**ASSIGNMENT:**
Find the string "contours" in the data, and copy out each line that has it.

**EXCERPTED DATA:**

● ● ● ● ●

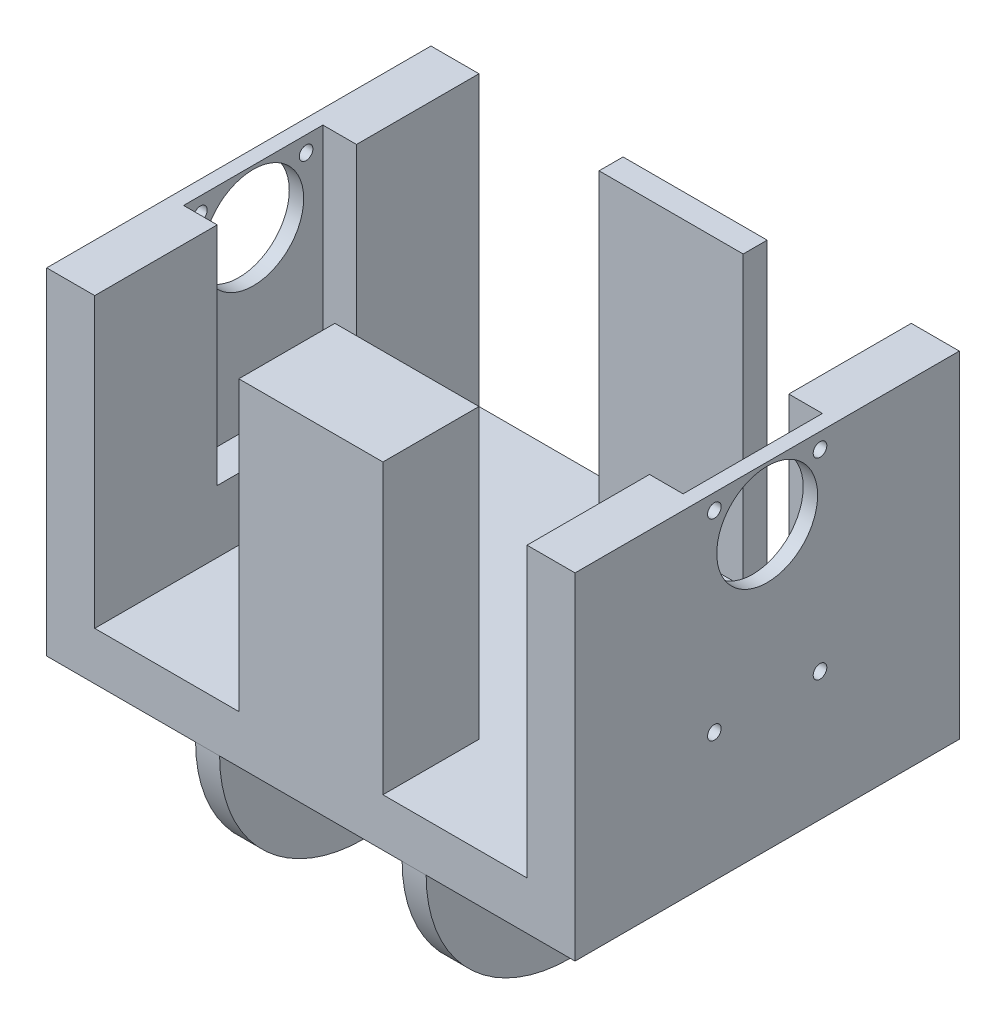
SolidWorks part; units mm, degrees
ref_plane "Front Plane" through (0, 0, 0) normal (0, 0, 1) x (1, 0, 0)
ref_plane "Top Plane" through (0, 0, 0) normal (0, 1, 0) x (1, 0, 0)
ref_plane "Right Plane" through (0, 0, 0) normal (1, 0, 0) x (0, 0, -1)
sketch "Sketch1" plane through (0, 0, 0) normal (0, 0, 1) x (1, 0, 0)
  line L1 (-55, 35) -> (55, 35)
  line L2 (-55, 35) -> (-55, -35)
  line L3 (-55, -35) -> (55, -35)
  line L4 (55, 35) -> (55, -35)
  line L5 (-55, 35) -> (55, -35) construction
  line L6 (-55, -35) -> (55, 35) construction
  line L7 (19, -35) -> (-19, -35)
  line L11 (19, -35) -> (55, -35)
  line L12 (19, -35) -> (19, -65)
  line L13 (19, -65) -> (55, -65)
  line L14 (55, -35) -> (55, -65)
  line L15 (-19, -35) -> (-55, -35)
  line L16 (-19, -35) -> (-19, -65)
  line L17 (-19, -65) -> (-55, -65)
  line L18 (-55, -35) -> (-55, -65)
  line L19 (-55, -35) -> (-24, -35)
  line L20 (-55, -35) -> (-55, -65)
  line L21 (-55, -65) -> (-24, -65)
  line L22 (-24, -35) -> (-24, -65)
  line L23 (55, -35) -> (24, -35)
  line L24 (55, -35) -> (55, -65)
  line L25 (55, -65) -> (24, -65)
  line L26 (24, -35) -> (24, -65)
  point P0 (0, 0)
  dimension "D1" = 110
  dimension "D2" = 70
  dimension "D3" = 36
  dimension "D4" = 36
  dimension "D5" = 30
  dimension "D6" = 30
  dimension "D7" = 5
  dimension "D8" = 5
extrude "Boss-Extrude1" add sketch "Sketch1" along normal blind 80 contours L4 L1 L2 L3 L15 L11 | L15 L22 L17 L16 | L26 L3 L12 L13
sketch "Sketch2" plane through (24, 0, 0) normal (1, 0, 0) x (0, 0, -1)
  line L0 (0, -35) -> (0, -65) construction
  line L1 (-80, -65) -> (0, -65) construction
  circle A0 centre (-40, -53) radius 10.25
  circle A1 centre (-40, -53) radius 8
  circle A2 centre (-40, -45) radius 1.2
  circle A3 centre (-40, -53) radius 8
  circle A4 centre (-32, -53) radius 1.2
  circle A5 centre (-40, -53) radius 8
  circle A6 centre (-40, -61) radius 1.2
  circle A7 centre (-40, -53) radius 8
  circle A8 centre (-48, -53) radius 1.2
  circle A9 centre (-40, -53) radius 4.4
  point P21 (-40, -53)
  dimension "D1" = 40
  dimension "D2" = 12
  dimension "D3" = 4
  dimension "D4" = 8.8
  dimension "D5" = 2.4
  dimension "D7" = 20
extrude "Cut-Extrude1" cut sketch "Sketch2" against normal blind 80 contours A7 A8 | A7 A8 | A1 A2 | A1 A2 | A3 A4 | A3 A4 | A5 A6 | A5 A6 | A9
sketch "Sketch4" plane through (0, 35, 0) normal (0, 1, 0) x (1, 0, 0)
  line L0 (-55, -80) -> (55, -80) construction
  line L1 (-45, -80) -> (-15, -80)
  line L2 (-45, -80) -> (-45, 0)
  line L3 (-45, 0) -> (-15, 0)
  line L4 (-15, -80) -> (-15, 0)
  line L5 (0, 0) -> (0, -32.8085) construction
  line L6 (-55, 0) -> (55, 0) construction
  line L7 (-55, -80) -> (-55, 0) construction
  line L8 (15, -80) -> (15, 0)
  line L9 (45, 0) -> (15, 0)
  line L10 (45, -80) -> (45, 0)
  line L11 (45, -80) -> (15, -80)
  line L13 (-15, 0) -> (15, 0)
  line L14 (-15, 0) -> (-15, -60)
  line L15 (-15, -60) -> (15, -60)
  line L16 (0, 0) -> (0, -60)
  line L17 (-15, 0) -> (15, 0)
  line L18 (-15, 0) -> (-15, -5)
  line L19 (-15, -5) -> (15, -5)
  line L20 (15, 0) -> (15, -5)
  line M6 (-55, -80) -> (55, -80)
  dimension "D1" = 30
  dimension "D2" = 0
  dimension "D3" = 10
  dimension "D4" = 20
  dimension "D5" = 5
extrude "Cut-Extrude3" cut sketch "Sketch4" against normal blind 60 contours L4 L3 L2 M6 | L10 L9 L8 M6 | L13 L16 L15 L8 | L16 L13 L4 L15
fillet "Fillet1" radius 30 4 edges at (-21.5, -65, 0) (-21.5, -65, 80) (21.5, -65, 0) (21.5, -65, 80)
sketch "Sketch6" plane through (55, 0, 0) normal (1, 0, 0) x (0, 0, -1)
  line L0 (-80, 35) -> (0, 35) construction
  line L1 (-54.25, 35) -> (-25.75, 35)
  line L2 (-54.25, 35) -> (-54.25, -11.5)
  line L3 (-54.25, -11.5) -> (-25.75, -11.5)
  line L4 (-25.75, 35) -> (-25.75, -11.5)
  line L5 (-80, 35) -> (-80, -35) construction
  circle A0 centre (-40, 23.75) radius 10.5
  circle A1 centre (-51, 31.75) radius 1.4145
  circle A2 centre (-29, 31.75) radius 1.4145
  circle A3 centre (-29, -8.25) radius 1.4145
  circle A4 centre (-51, -8.25) radius 1.4145
  dimension "D1" = 28.5
  dimension "D3" = 11.25
  dimension "D5" = 14.25
  dimension "D6" = 3.25
  dimension "D7" = 3.25
  dimension "D10" = 21
  dimension "D2" = 25.75
  dimension "D4" = 46.5
  dimension "D8" = 2
  dimension "D9" = 2
extrude "Cut-Extrude4" cut sketch "Sketch6" against normal through all contours A0 | A1 | A2 | A4 | A3
sketch "Sketch8" plane through (0, 35, 0) normal (0, 1, 0) x (1, 0, 0)
  line L0 (-55, -80) -> (-55, 0) construction
  line L1 (-55, -25.5) -> (-45, -25.5)
  line L2 (-55, -25.5) -> (-55, -54.5)
  line L3 (-55, -54.5) -> (-45, -54.5)
  line L4 (-45, -25.5) -> (-45, -54.5)
  line L5 (-45, -80) -> (-45, 0) construction
  line L6 (0, 0) -> (0, -26.5561) construction
  line L7 (-55, 0) -> (-45, 0) construction
  line L8 (45, -25.5) -> (45, -54.5)
  line L9 (55, -54.5) -> (45, -54.5)
  line L10 (55, -25.5) -> (55, -54.5)
  line L11 (55, -25.5) -> (45, -25.5)
  line L14 (52, -25.5) -> (52, -54.5)
  line L15 (-55, -25.5) -> (-52, -25.5)
  line L16 (-55, -25.5) -> (-55, -54.5)
  line L17 (-55, -54.5) -> (-52, -54.5)
  line L18 (-52, -25.5) -> (-52, -54.5)
  line L19 (55, -54.5) -> (52, -54.5)
  line L20 (55, -25.5) -> (55, -54.5)
  line L21 (55, -25.5) -> (52, -25.5)
  line L22 (45, -25.5) -> (45, -54.5)
  line L23 (55, -54.5) -> (45, -54.5)
  line L24 (55, -25.5) -> (55, -54.5)
  line L25 (55, -25.5) -> (45, -25.5)
  line M7 (-45, -80) -> (-45, 0)
  dimension "D1" = 29
  dimension "D2" = 25.5
  dimension "D3" = 3
extrude "Cut-Extrude5" cut sketch "Sketch8" against normal blind 47 contours L1 L18 L3 M7 | L14 L11 L8 L9

● ● ● ● ●

**SOLUTION FOR THIS TASK:**
extrude "Boss-Extrude1" add sketch "Sketch1" along normal blind 80 contours L4 L1 L2 L3 L15 L11 | L15 L22 L17 L16 | L26 L3 L12 L13
extrude "Cut-Extrude1" cut sketch "Sketch2" against normal blind 80 contours A7 A8 | A7 A8 | A1 A2 | A1 A2 | A3 A4 | A3 A4 | A5 A6 | A5 A6 | A9
extrude "Cut-Extrude3" cut sketch "Sketch4" against normal blind 60 contours L4 L3 L2 M6 | L10 L9 L8 M6 | L13 L16 L15 L8 | L16 L13 L4 L15
extrude "Cut-Extrude4" cut sketch "Sketch6" against normal through all contours A0 | A1 | A2 | A4 | A3
extrude "Cut-Extrude5" cut sketch "Sketch8" against normal blind 47 contours L1 L18 L3 M7 | L14 L11 L8 L9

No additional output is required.